È ja amanha no jornal da noite que a SIC estreia o seu novo formato noticiosos!
Abri este tópico, pois há rumores que haverá apresentação de boletim meteo neste novo formato!

Vamos então aguardar!


----------



## J.Crisóstomo (18 Nov 2007 às 19:31)

bem tenho muita pena de dar esta noticia mas Meteo no novo jornal da noite da sic é apenas um falso alarme 

enviei um mail á SIC a perguntar sobre isso mesmo e a dar a sugestão ao que eles responderam:



> Caro Sr. João Crisóstomo,
> 
> Recebemos a sua mensagem, que mereceu a nossa melhor atenção.
> 
> ...




Enfim.. pode ser que eles conssiderem sobre o caso..

hehe talvez se os bombardear-mos com mails


----------



## ACalado (18 Nov 2007 às 19:42)

J.Crisóstomo disse:


> bem tenho muita pena de dar esta noticia mas Meteo no novo jornal da noite da sic é apenas um falso alarme
> 
> enviei um mail á SIC a perguntar sobre isso mesmo e a dar a sugestão ao que eles responderam:
> 
> ...



haviam era de criar um canal meteo como os espanhóis tem na via digital .


----------



## filipept (18 Nov 2007 às 19:45)

spiritmind disse:


> haviam era de criar um canal meteo como os espanhóis tem na via digital .



É verdade, e esse canal meteo está a festejar 10 anos,  ao longo do dia tem mostrado imensas fotos relacionadas com a metereologia que os telespectadores enviaram ao longo dos anos. Tem aparecido verdadeiras obras de arte.


----------



## J.Crisóstomo (18 Nov 2007 às 19:47)

filipept disse:


> É verdade, e esse canal meteo está a festejar 10 anos,  ao longo do dia tem mostrado imensas fotos relacionadas com a metereologia que os telespectadores enviam. Tem aparecido verdadeiras obras de arte.



nao tinha conhecimento desse canal 

é através da net? se for, alguem que partilhe o link


----------



## ACalado (18 Nov 2007 às 19:48)

filipept disse:


> É verdade, e esse canal meteo está a festejar 10 anos,  ao longo do dia tem mostrado imensas fotos relacionadas com a metereologia que os telespectadores enviam. Tem aparecido verdadeiras obras de arte.

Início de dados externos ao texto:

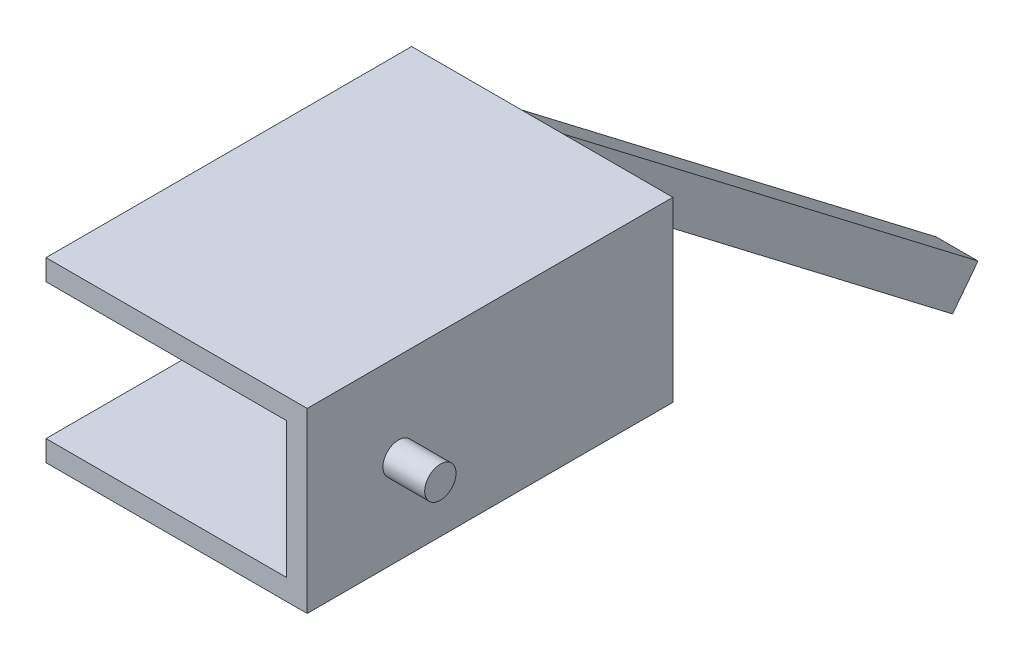
ISO-10303-21;
HEADER;
FILE_DESCRIPTION(('STEP AP214'),'2;1');
FILE_NAME('part.step','',(''),(''),'','','');
FILE_SCHEMA(('AUTOMOTIVE_DESIGN { 1 0 10303 214 1 1 1 1 }'));
ENDSEC;
DATA;
#1=APPLICATION_CONTEXT('core data for automotive mechanical design processes');
#2=APPLICATION_PROTOCOL_DEFINITION('international standard','automotive_design',2000,#1);
#3=PRODUCT_CONTEXT('',#1,'mechanical');
#4=PRODUCT('Part','Part','',(#3));
#5=PRODUCT_RELATED_PRODUCT_CATEGORY('part','',(#4));
#6=PRODUCT_DEFINITION_FORMATION('','',#4);
#7=PRODUCT_DEFINITION_CONTEXT('part definition',#1,'design');
#8=PRODUCT_DEFINITION('design','',#6,#7);
#9=PRODUCT_DEFINITION_SHAPE('','',#8);
#10=(LENGTH_UNIT() NAMED_UNIT(*) SI_UNIT(.MILLI.,.METRE.));
#11=(NAMED_UNIT(*) PLANE_ANGLE_UNIT() SI_UNIT($,.RADIAN.));
#12=(NAMED_UNIT(*) SI_UNIT($,.STERADIAN.) SOLID_ANGLE_UNIT());
#13=UNCERTAINTY_MEASURE_WITH_UNIT(LENGTH_MEASURE(1.E-05),#10,'distance_accuracy_value','');
#14=(GEOMETRIC_REPRESENTATION_CONTEXT(3) GLOBAL_UNCERTAINTY_ASSIGNED_CONTEXT((#13)) GLOBAL_UNIT_ASSIGNED_CONTEXT((#10,
#11,#12)) REPRESENTATION_CONTEXT('',''));
#15=CARTESIAN_POINT('',(0.,0.,0.));
#16=DIRECTION('',(0.,0.,1.));
#17=DIRECTION('',(1.,0.,0.));
#18=AXIS2_PLACEMENT_3D('',#15,#16,#17);
#19=CARTESIAN_POINT('',(0.,0.,0.));
#20=DIRECTION('',(0.,0.,1.));
#21=DIRECTION('',(1.,0.,0.));
#22=AXIS2_PLACEMENT_3D('',#19,#20,#21);
#23=PLANE('',#22);
#24=DIRECTION('',(0.,1.,0.));
#25=VECTOR('',#24,1.);
#26=CARTESIAN_POINT('',(-1.64150943396226,5.87839938306336,0.));
#27=LINE('',#26,#25);
#28=CARTESIAN_POINT('',(-1.64150943396226,5.87839938306336,0.));
#29=VERTEX_POINT('',#28);
#30=CARTESIAN_POINT('',(-1.64150943396226,10.9150943396226,0.));
#31=VERTEX_POINT('',#30);
#32=EDGE_CURVE('E167',#29,#31,#27,.T.);
#33=ORIENTED_EDGE('',*,*,#32,.F.);
#34=DIRECTION('',(-1.,0.,0.));
#35=VECTOR('',#34,1.);
#36=CARTESIAN_POINT('',(2.35849056603774,5.87839938306336,0.));
#37=LINE('',#36,#35);
#38=CARTESIAN_POINT('',(2.35849056603774,5.87839938306336,0.));
#39=VERTEX_POINT('',#38);
#40=EDGE_CURVE('E190',#39,#29,#37,.T.);
#41=ORIENTED_EDGE('',*,*,#40,.F.);
#42=DIRECTION('',(0.,1.,0.));
#43=VECTOR('',#42,1.);
#44=CARTESIAN_POINT('',(2.35849056603774,5.87839938306336,0.));
#45=LINE('',#44,#43);
#46=CARTESIAN_POINT('',(2.35849056603774,10.9150943396226,0.));
#47=VERTEX_POINT('',#46);
#48=EDGE_CURVE('E172',#39,#47,#45,.T.);
#49=ORIENTED_EDGE('',*,*,#48,.T.);
#50=DIRECTION('',(1.,0.,0.));
#51=VECTOR('',#50,1.);
#52=CARTESIAN_POINT('',(-12.1415094339623,10.9150943396226,0.));
#53=LINE('',#52,#51);
#54=CARTESIAN_POINT('',(12.8584905660377,10.9150943396226,0.));
#55=VERTEX_POINT('',#54);
#56=EDGE_CURVE('E216',#47,#55,#53,.T.);
#57=ORIENTED_EDGE('',*,*,#56,.T.);
#58=DIRECTION('',(0.,-1.,0.));
#59=VECTOR('',#58,1.);
#60=CARTESIAN_POINT('',(12.8584905660377,10.9150943396226,0.));
#61=LINE('',#60,#59);
#62=CARTESIAN_POINT('',(12.8584905660377,-6.08490566037736,0.));
#63=VERTEX_POINT('',#62);
#64=EDGE_CURVE('E213',#55,#63,#61,.T.);
#65=ORIENTED_EDGE('',*,*,#64,.T.);
#66=DIRECTION('',(1.,0.,0.));
#67=VECTOR('',#66,1.);
#68=CARTESIAN_POINT('',(-12.1415094339623,-6.08490566037736,0.));
#69=LINE('',#68,#67);
#70=CARTESIAN_POINT('',(-12.1415094339623,-6.08490566037736,0.));
#71=VERTEX_POINT('',#70);
#72=EDGE_CURVE('E210',#71,#63,#69,.T.);
#73=ORIENTED_EDGE('',*,*,#72,.F.);
#74=DIRECTION('',(0.,-1.,0.));
#75=VECTOR('',#74,1.);
#76=CARTESIAN_POINT('',(-12.1415094339623,10.9150943396226,0.));
#77=LINE('',#76,#75);
#78=CARTESIAN_POINT('',(-12.1415094339623,10.9150943396226,0.));
#79=VERTEX_POINT('',#78);
#80=EDGE_CURVE('E189',#79,#71,#77,.T.);
#81=ORIENTED_EDGE('',*,*,#80,.F.);
#82=EDGE_CURVE('E217',#79,#31,#53,.T.);
#83=ORIENTED_EDGE('',*,*,#82,.T.);
#84=EDGE_LOOP('',(#33,#41,#49,#57,#65,#73,#81,#83));
#85=FACE_BOUND('',#84,.T.);
#86=ADVANCED_FACE('F35',(#85),#23,.F.);
#87=CARTESIAN_POINT('',(-12.1415094339623,10.9150943396226,35.));
#88=DIRECTION('',(1.,0.,0.));
#89=DIRECTION('',(0.,1.,0.));
#90=AXIS2_PLACEMENT_3D('',#87,#88,#89);
#91=PLANE('',#90);
#92=DIRECTION('',(0.,-1.,0.));
#93=VECTOR('',#92,1.);
#94=CARTESIAN_POINT('',(-12.1415094339623,10.9150943396226,35.));
#95=LINE('',#94,#93);
#96=CARTESIAN_POINT('',(-12.1415094339623,-4.08490566037736,35.));
#97=VERTEX_POINT('',#96);
#98=CARTESIAN_POINT('',(-12.1415094339623,-6.08490566037736,35.));
#99=VERTEX_POINT('',#98);
#100=EDGE_CURVE('E199',#97,#99,#95,.T.);
#101=ORIENTED_EDGE('',*,*,#100,.F.);
#102=DIRECTION('',(0.,0.,1.));
#103=VECTOR('',#102,1.);
#104=CARTESIAN_POINT('',(-12.1415094339623,-4.08490566037736,4.));
#105=LINE('',#104,#103);
#106=CARTESIAN_POINT('',(-12.1415094339623,-4.08490566037736,4.));
#107=VERTEX_POINT('',#106);
#108=EDGE_CURVE('E162',#107,#97,#105,.T.);
#109=ORIENTED_EDGE('',*,*,#108,.F.);
#110=DIRECTION('',(0.,-1.,0.));
#111=VECTOR('',#110,1.);
#112=CARTESIAN_POINT('',(-12.1415094339623,8.91509433962264,4.));
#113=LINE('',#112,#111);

e tem informações actualizadas de 15 em 15 minutos e o canal possui vários temas como geociencias, meteorologia, astronomia enfim mais uma vez os espanhóis muito a frente


----------



## filipept (18 Nov 2007 às 19:54)

J.Crisóstomo disse:


> nao tinha conhecimento desse canal
> 
> é através da net? se for, alguem que partilhe o link



Este é um canal do pacote da Digital+ (a tvcabo lá da zona). Transmite via satelite nos 30ºw hispasat (o mesmo satelite que a tvcabo).


----------



## ACalado (18 Nov 2007 às 19:57)

filipept disse:


> Este é um canal do pacote da Digital+ (a tvcabo lá da zona). Transmite via satelite nos 30ºw hispasat (o mesmo satelite que a tvcabo).



exacto 
deixo aqui só um cheirinho, atenção que não está actualizado ainda 

http://www.ondacurta.com/meteorologia/el-tiempo.php


----------



## J.Crisóstomo (18 Nov 2007 às 19:59)

hehe

fixe, obrigado


----------



## Meteo Trás-os-Montes (18 Nov 2007 às 20:13)

OK! Mais uma vez a meteo fica de parte! É triste!


----------